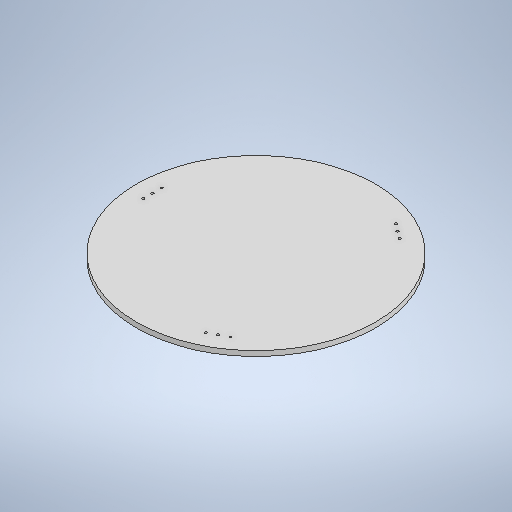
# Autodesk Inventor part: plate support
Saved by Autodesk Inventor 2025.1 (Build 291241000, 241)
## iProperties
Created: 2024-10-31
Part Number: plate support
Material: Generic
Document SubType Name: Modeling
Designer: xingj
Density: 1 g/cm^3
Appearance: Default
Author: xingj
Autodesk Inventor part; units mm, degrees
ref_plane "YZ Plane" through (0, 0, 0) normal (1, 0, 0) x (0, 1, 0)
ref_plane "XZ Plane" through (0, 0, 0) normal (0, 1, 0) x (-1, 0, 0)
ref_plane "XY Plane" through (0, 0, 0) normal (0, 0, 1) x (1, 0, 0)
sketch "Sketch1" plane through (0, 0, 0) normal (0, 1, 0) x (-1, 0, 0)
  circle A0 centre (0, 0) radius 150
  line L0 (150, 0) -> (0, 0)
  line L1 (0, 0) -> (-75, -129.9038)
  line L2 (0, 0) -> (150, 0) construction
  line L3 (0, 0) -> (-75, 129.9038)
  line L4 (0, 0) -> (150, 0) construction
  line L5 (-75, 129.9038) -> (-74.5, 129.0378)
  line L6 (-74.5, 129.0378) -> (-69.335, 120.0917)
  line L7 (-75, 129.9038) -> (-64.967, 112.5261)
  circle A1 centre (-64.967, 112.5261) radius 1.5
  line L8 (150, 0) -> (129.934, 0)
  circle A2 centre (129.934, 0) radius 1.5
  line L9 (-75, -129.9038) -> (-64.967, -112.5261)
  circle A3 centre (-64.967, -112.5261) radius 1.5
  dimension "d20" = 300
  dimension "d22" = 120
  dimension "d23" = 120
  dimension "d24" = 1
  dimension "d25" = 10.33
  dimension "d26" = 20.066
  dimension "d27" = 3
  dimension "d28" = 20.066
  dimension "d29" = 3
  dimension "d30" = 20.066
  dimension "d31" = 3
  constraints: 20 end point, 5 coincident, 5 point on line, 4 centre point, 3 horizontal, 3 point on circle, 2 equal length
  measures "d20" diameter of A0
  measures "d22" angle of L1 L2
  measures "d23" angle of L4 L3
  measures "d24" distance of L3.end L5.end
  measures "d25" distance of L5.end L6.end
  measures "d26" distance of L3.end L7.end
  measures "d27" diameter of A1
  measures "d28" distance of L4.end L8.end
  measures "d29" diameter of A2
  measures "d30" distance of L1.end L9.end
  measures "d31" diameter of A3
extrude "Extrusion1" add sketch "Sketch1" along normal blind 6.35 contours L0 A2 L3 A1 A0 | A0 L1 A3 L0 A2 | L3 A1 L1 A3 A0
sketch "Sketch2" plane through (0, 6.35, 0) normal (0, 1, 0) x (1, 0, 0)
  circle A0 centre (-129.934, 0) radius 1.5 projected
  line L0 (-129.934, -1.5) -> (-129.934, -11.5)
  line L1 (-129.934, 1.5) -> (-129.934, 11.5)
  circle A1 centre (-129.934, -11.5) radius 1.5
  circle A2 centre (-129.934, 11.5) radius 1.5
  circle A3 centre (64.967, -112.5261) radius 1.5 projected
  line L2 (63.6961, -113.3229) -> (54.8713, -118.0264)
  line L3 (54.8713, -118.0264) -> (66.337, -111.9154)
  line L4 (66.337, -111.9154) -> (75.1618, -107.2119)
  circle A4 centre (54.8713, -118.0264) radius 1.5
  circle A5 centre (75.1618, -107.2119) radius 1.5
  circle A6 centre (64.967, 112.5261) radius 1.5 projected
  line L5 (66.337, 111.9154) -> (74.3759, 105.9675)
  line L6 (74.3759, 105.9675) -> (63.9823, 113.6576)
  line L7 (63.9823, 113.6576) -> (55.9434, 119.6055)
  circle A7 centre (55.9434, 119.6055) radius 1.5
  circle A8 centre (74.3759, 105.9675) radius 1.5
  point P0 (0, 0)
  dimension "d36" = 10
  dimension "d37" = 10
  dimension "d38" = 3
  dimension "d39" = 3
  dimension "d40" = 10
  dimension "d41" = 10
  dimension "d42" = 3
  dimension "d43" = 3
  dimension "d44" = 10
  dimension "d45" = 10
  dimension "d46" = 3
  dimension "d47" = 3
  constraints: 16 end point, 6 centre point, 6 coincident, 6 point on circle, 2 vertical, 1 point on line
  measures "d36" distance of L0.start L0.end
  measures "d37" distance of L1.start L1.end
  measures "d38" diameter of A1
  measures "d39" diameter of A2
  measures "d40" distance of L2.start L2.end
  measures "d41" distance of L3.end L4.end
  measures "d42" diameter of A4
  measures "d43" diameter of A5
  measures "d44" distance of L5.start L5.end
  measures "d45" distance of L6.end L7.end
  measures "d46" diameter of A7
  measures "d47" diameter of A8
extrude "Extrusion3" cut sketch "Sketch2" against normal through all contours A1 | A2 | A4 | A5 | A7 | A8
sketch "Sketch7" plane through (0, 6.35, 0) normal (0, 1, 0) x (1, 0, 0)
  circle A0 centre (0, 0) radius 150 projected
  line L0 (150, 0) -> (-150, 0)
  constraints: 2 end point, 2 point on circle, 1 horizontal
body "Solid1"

========================

> **AIM OF THE EXERCISE**:
Line tally for "constraints": say how many lines of the records above contain it, and give nothing but the number.

> **ANSWER TO THIS TASK**:
3